Patrick - Dernier petit point, je te fais passer un texte d’un poète girondin que tu connais peut-être, qui est aussi lormontais, et que j’ai rencontré dans le cadre de mon travail. Il s’appelle Franck Lafossas, aussi connu sous le nom de plume Dune-Pontac, du temps où il était magistrat.
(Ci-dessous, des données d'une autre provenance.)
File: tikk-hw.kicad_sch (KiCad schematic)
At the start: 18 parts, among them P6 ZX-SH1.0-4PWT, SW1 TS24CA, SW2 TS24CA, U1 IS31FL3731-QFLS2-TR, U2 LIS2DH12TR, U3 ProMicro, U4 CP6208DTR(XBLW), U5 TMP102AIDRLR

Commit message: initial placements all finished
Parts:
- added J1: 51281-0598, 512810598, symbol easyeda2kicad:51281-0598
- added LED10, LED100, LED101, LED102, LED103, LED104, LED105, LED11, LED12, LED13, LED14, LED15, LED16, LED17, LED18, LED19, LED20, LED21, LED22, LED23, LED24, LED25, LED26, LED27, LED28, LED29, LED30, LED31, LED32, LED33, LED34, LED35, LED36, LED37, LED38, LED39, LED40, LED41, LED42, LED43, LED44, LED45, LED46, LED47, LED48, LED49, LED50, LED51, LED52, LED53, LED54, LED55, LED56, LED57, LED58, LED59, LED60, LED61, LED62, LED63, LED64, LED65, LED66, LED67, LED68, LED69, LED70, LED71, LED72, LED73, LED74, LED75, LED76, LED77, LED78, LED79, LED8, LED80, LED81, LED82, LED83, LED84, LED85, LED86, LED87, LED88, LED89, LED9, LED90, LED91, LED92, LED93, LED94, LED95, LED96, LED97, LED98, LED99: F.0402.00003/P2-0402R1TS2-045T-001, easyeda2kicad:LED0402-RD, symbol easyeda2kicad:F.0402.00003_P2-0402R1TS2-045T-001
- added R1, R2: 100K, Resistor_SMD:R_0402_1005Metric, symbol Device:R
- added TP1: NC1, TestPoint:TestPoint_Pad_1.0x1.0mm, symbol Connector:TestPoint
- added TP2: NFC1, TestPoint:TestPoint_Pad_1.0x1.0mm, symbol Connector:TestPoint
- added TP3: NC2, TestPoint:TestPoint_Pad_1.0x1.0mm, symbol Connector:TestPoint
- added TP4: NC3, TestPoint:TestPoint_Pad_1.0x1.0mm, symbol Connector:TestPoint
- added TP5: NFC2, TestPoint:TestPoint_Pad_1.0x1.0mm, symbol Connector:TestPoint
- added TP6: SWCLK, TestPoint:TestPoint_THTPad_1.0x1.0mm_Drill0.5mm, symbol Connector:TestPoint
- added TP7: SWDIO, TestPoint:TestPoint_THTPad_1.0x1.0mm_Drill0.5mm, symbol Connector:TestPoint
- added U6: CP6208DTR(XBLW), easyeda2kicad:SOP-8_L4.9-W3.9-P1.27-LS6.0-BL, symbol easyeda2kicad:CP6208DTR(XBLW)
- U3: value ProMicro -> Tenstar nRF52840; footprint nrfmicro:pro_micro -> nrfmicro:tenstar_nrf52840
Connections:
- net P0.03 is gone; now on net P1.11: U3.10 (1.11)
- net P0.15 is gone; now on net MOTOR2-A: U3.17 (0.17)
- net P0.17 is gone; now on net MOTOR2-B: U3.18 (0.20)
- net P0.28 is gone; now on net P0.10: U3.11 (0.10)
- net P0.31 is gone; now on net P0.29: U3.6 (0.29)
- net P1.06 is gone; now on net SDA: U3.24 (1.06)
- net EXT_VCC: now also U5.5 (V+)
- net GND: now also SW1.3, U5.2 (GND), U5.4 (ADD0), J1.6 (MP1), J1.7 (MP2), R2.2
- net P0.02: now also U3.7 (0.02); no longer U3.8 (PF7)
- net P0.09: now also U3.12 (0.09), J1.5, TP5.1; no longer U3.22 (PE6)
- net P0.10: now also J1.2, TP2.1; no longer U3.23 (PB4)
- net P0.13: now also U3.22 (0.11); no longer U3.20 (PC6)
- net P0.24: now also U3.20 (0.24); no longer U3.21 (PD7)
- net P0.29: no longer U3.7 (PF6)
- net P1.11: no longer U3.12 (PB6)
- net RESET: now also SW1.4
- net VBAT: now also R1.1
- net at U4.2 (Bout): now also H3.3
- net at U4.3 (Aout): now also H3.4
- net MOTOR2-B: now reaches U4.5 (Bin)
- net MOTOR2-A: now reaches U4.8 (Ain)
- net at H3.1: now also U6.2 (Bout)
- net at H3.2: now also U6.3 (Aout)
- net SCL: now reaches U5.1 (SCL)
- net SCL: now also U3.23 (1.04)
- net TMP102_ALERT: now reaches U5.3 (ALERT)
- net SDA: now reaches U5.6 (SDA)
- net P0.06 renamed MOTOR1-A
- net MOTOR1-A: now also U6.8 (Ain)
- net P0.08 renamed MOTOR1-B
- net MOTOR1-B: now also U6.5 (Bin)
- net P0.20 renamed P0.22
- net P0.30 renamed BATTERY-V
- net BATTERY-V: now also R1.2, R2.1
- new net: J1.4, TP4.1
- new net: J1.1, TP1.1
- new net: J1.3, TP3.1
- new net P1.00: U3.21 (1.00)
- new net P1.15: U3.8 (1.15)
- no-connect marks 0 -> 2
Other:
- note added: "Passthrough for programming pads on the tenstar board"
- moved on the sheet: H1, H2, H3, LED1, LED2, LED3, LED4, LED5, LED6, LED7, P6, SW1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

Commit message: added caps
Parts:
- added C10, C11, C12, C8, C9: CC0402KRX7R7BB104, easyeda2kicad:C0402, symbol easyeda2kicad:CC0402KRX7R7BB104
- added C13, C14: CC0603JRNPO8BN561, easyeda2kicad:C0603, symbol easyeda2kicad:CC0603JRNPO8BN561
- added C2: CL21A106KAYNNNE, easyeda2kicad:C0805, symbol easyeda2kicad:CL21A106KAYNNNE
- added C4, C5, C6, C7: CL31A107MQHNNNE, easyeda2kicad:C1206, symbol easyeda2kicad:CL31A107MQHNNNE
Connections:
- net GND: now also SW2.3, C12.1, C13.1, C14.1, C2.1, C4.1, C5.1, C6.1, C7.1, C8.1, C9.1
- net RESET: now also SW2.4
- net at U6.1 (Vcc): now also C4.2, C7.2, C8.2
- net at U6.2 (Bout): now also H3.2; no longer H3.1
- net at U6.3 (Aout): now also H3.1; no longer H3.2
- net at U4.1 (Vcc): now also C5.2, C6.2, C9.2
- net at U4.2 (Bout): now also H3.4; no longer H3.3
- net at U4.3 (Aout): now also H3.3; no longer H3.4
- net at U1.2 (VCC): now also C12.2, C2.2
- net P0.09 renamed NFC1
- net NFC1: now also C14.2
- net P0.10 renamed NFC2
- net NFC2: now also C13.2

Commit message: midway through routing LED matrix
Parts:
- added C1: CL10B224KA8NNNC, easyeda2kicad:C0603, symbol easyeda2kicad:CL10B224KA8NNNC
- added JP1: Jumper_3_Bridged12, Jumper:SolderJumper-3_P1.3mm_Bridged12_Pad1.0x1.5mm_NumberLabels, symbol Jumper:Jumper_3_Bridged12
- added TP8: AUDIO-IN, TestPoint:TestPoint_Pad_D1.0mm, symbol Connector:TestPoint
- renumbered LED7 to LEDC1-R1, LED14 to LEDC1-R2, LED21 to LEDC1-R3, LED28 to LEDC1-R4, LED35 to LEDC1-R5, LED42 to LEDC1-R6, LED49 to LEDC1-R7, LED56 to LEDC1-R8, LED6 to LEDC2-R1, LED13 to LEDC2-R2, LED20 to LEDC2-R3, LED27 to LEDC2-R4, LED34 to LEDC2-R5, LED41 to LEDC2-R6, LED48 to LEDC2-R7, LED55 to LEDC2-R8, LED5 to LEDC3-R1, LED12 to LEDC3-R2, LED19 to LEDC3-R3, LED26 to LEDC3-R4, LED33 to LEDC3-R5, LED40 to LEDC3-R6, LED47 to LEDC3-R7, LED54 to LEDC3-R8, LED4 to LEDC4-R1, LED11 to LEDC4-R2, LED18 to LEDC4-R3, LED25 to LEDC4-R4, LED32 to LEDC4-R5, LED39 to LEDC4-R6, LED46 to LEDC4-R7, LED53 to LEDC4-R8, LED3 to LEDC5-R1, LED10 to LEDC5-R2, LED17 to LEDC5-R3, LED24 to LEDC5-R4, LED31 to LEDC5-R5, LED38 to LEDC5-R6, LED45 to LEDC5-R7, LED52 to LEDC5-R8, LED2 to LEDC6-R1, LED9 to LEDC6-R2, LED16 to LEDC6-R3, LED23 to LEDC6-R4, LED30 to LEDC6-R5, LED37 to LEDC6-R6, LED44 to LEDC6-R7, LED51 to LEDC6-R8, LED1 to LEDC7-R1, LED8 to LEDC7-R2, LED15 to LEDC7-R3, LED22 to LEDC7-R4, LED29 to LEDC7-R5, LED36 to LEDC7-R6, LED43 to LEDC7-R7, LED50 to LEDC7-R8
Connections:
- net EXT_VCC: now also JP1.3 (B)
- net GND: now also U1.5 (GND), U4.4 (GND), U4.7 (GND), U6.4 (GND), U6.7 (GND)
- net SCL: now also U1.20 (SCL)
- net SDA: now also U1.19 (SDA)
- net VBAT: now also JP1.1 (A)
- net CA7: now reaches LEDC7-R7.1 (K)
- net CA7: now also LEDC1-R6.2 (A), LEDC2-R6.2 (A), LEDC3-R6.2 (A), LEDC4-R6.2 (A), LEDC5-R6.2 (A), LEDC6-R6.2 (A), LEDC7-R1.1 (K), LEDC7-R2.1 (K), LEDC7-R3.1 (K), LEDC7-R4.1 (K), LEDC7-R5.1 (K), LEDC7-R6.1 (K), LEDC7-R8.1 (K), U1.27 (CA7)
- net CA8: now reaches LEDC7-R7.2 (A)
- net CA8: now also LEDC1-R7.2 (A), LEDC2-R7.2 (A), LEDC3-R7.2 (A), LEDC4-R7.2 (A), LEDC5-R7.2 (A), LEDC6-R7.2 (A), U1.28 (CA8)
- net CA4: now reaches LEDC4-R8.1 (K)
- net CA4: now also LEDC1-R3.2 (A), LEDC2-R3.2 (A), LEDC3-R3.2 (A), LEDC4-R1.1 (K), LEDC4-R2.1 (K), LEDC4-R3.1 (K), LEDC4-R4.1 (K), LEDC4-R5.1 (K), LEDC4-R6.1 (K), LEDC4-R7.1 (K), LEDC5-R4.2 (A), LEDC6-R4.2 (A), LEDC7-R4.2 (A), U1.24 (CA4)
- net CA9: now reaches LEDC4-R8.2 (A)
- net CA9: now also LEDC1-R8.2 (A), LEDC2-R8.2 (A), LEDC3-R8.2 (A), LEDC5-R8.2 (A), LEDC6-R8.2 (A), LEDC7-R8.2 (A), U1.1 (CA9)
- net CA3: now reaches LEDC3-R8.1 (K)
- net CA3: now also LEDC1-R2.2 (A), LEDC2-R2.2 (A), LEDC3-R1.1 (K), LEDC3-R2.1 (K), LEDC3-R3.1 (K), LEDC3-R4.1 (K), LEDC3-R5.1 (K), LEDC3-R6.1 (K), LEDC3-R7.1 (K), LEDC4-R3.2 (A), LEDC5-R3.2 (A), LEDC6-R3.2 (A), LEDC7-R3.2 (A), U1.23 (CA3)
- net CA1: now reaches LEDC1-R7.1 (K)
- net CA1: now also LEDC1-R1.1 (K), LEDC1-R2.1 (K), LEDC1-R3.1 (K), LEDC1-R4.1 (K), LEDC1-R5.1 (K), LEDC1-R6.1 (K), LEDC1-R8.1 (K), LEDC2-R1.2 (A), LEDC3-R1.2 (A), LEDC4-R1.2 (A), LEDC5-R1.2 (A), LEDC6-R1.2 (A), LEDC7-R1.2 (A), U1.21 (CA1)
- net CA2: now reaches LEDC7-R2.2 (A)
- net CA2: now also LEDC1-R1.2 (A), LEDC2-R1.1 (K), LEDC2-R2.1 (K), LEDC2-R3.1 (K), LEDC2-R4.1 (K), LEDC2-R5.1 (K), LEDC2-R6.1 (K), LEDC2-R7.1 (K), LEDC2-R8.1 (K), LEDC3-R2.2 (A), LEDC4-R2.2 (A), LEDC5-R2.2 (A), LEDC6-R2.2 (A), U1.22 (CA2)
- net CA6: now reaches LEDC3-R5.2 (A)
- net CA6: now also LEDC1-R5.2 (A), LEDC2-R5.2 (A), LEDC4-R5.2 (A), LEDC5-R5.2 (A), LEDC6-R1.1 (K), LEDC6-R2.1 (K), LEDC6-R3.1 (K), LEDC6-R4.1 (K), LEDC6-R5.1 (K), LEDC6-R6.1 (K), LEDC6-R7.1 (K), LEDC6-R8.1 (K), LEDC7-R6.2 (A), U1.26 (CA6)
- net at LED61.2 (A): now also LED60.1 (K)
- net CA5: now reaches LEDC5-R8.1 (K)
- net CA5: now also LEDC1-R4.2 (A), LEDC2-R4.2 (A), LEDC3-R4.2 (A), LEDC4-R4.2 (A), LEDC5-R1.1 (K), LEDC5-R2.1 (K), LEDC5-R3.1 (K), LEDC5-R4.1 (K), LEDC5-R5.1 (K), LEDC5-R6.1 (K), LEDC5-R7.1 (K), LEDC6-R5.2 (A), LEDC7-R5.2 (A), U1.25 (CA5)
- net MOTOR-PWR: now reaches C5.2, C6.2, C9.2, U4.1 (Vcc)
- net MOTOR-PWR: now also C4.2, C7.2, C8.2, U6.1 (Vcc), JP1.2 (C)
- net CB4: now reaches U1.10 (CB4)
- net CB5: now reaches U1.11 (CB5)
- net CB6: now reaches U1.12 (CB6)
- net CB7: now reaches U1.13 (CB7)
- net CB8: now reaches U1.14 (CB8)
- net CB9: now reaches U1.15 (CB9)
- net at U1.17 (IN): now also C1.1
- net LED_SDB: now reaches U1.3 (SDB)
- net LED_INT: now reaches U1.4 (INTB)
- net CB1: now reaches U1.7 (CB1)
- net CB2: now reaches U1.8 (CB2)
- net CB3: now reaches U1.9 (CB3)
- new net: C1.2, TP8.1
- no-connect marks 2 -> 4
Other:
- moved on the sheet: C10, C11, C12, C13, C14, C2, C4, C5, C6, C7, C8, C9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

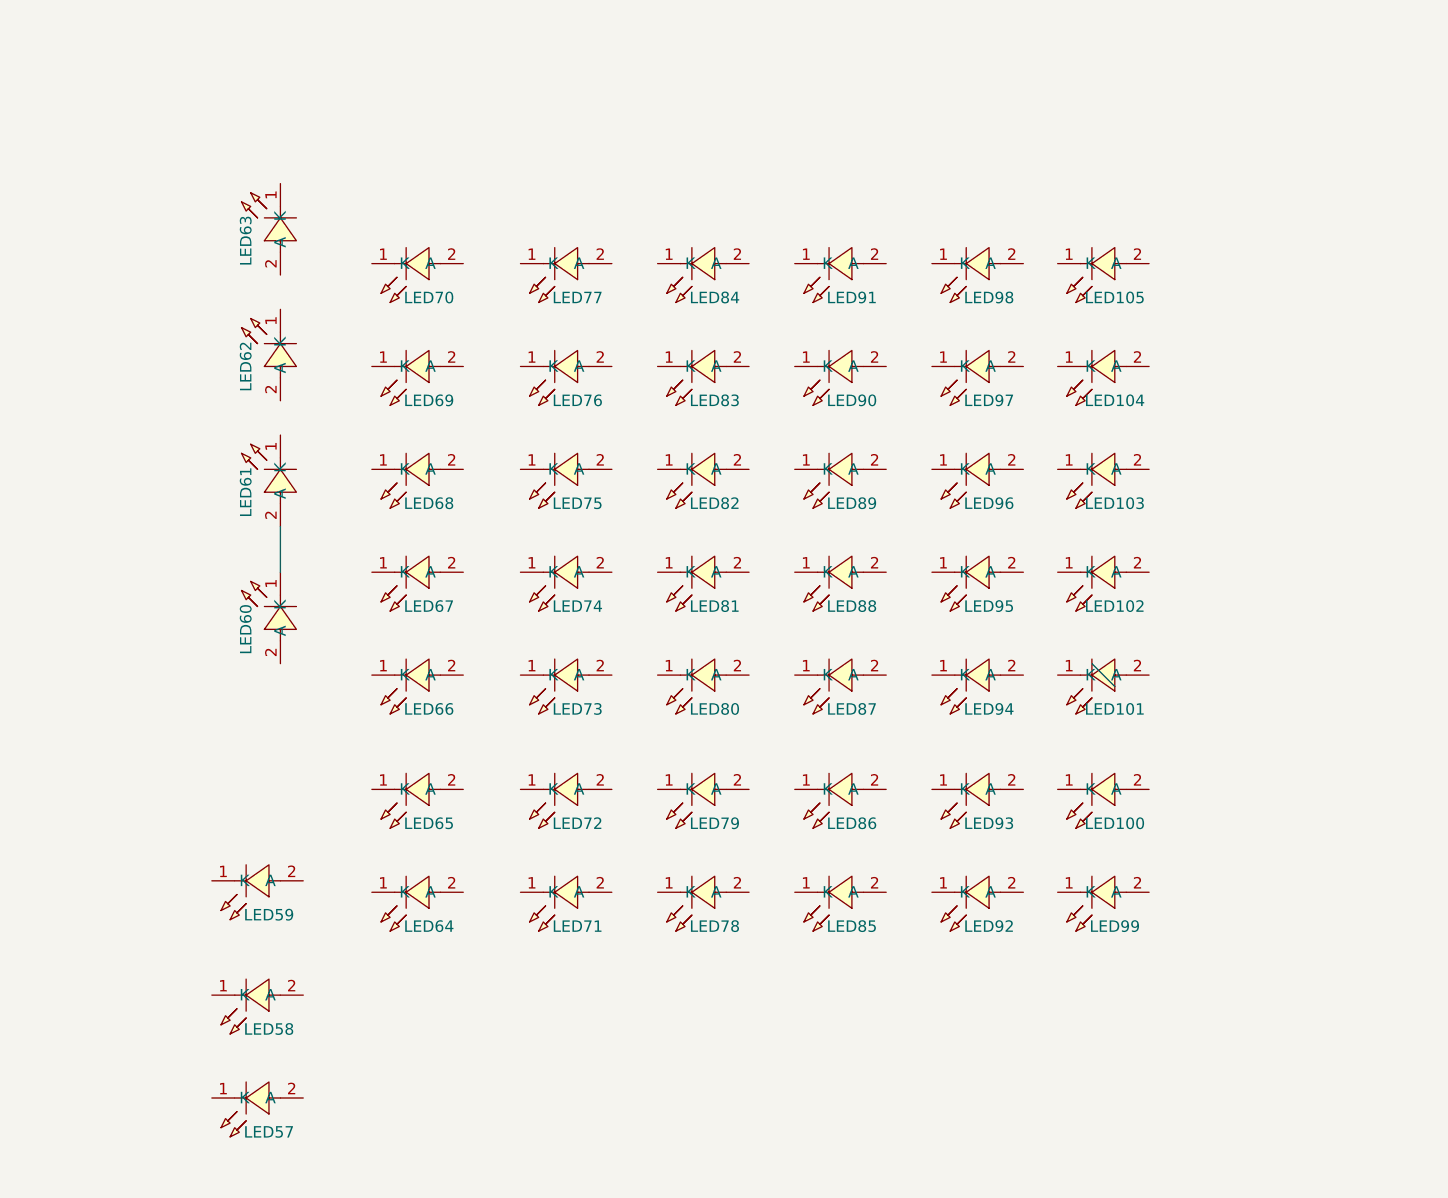
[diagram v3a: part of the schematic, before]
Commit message: all connections to LEDs made on schematics
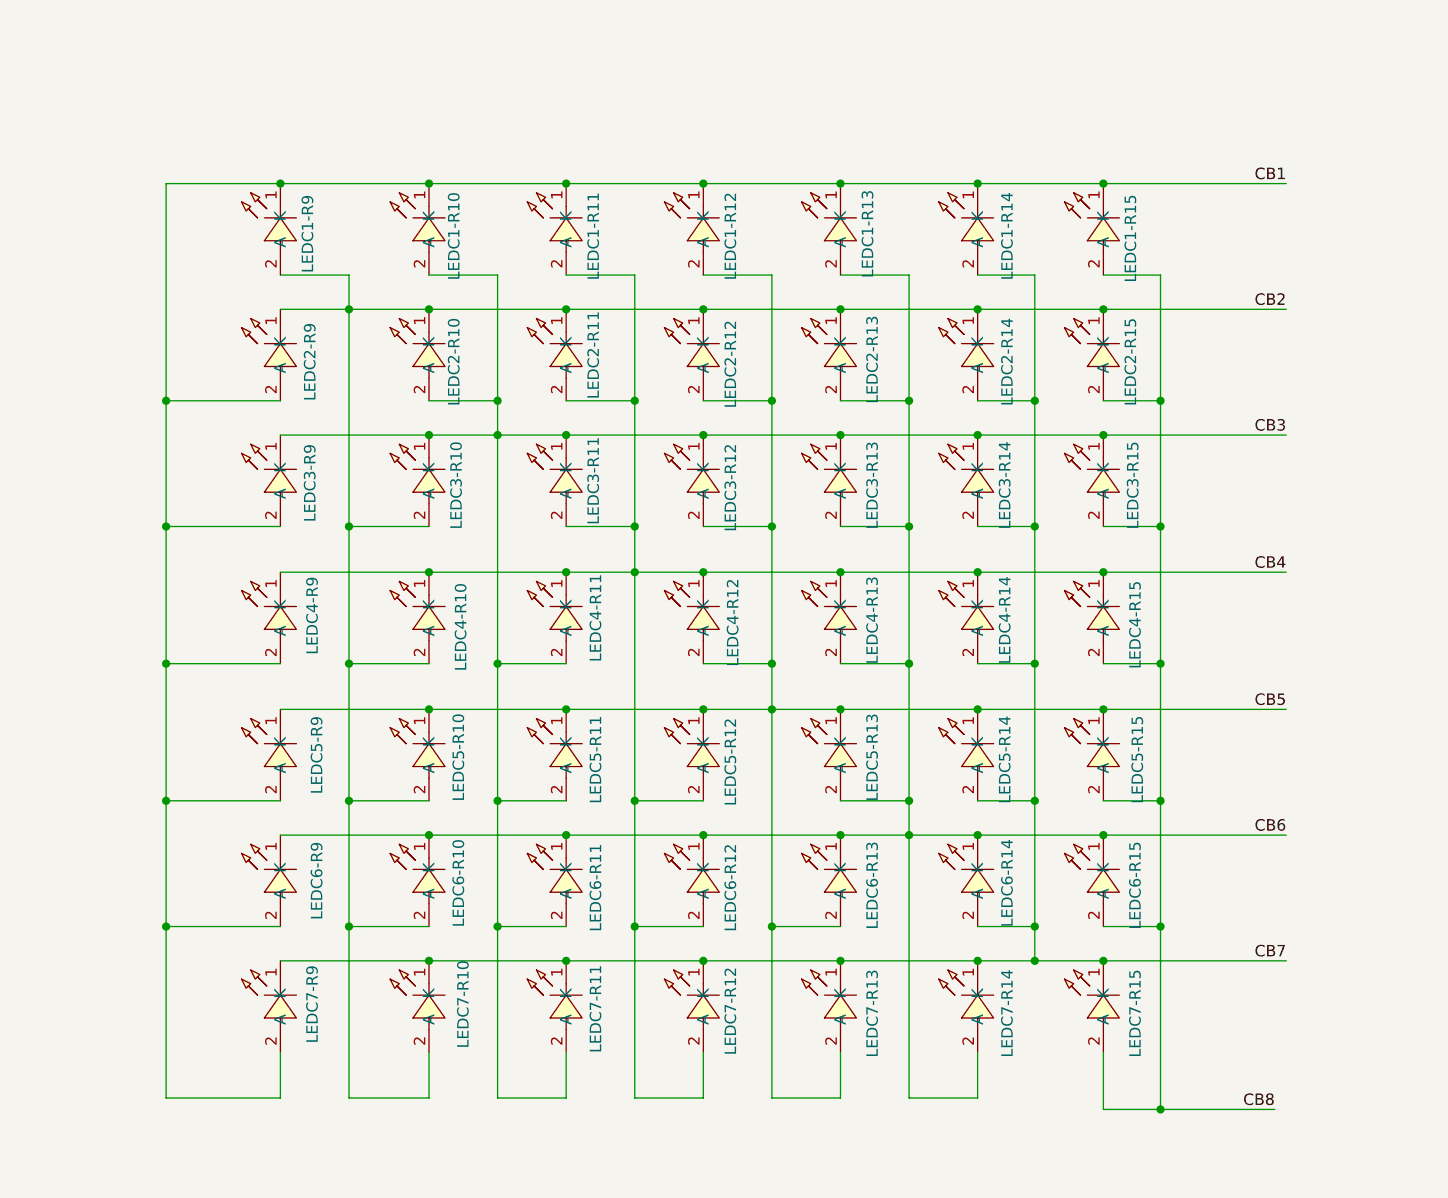
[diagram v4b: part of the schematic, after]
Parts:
- renumbered LED70 to LEDC1-R10, LED77 to LEDC1-R11, LED84 to LEDC1-R12, LED91 to LEDC1-R13, LED98 to LEDC1-R14, LED105 to LEDC1-R15, LED63 to LEDC1-R9, LED69 to LEDC2-R10, LED76 to LEDC2-R11, LED83 to LEDC2-R12, LED90 to LEDC2-R13, LED97 to LEDC2-R14, LED104 to LEDC2-R15, LED62 to LEDC2-R9, LED68 to LEDC3-R10, LED75 to LEDC3-R11, LED82 to LEDC3-R12, LED89 to LEDC3-R13, LED96 to LEDC3-R14, LED103 to LEDC3-R15, LED61 to LEDC3-R9, LED67 to LEDC4-R10, LED74 to LEDC4-R11, LED81 to LEDC4-R12, LED88 to LEDC4-R13, LED95 to LEDC4-R14, LED102 to LEDC4-R15, LED60 to LEDC4-R9, LED66 to LEDC5-R10, LED73 to LEDC5-R11, LED80 to LEDC5-R12, LED87 to LEDC5-R13, LED94 to LEDC5-R14, LED101 to LEDC5-R15, LED59 to LEDC5-R9, LED65 to LEDC6-R10, LED72 to LEDC6-R11, LED79 to LEDC6-R12, LED86 to LEDC6-R13, LED93 to LEDC6-R14, LED100 to LEDC6-R15, LED58 to LEDC6-R9, LED64 to LEDC7-R10, LED71 to LEDC7-R11, LED78 to LEDC7-R12, LED85 to LEDC7-R13, LED92 to LEDC7-R14, LED99 to LEDC7-R15, LED57 to LEDC7-R9
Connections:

La mise en page de ce texte, sur Lormont justement, m’a rappelé tes essais de tranprosition... même si lui reste très attaché à la rime!


Pierre - je ne connais pas Franck Lafossas, Dune-Pontac, mais une amie par intermittences, toulousaine, m’a fait connaître un poète toulousain que je conseille, zut son nom m’échappe … Serge Pey !


Patrick - Voici pour les diverses pensées poétiques du soir, cher Pierre!


Au plaisir de te lire, et de poursuivre ces riches échanges,




Pierre - je me suis permis d’associer Matthieu à notre échange…


amitiés à vous deux



*** MANIFESTE POUR LA PAGE #1    L’arrangement classique en vers libres doit être remis en question      Le poème comme des phrases ou des morceaux de phrases séparés par des espaces plutôt que des sauts de ligne     quelque chose entre l’arrangement de prose      et l’arrangement de vers      Je pense avoir découvert un nouvel arrangement pour la poésie      qui ne soit ni prose ni vers     Une prose avec des espaces dans la prose correspondant aux souffle au rythme et à l’intonation que veut donner par écrit      signifier la parole.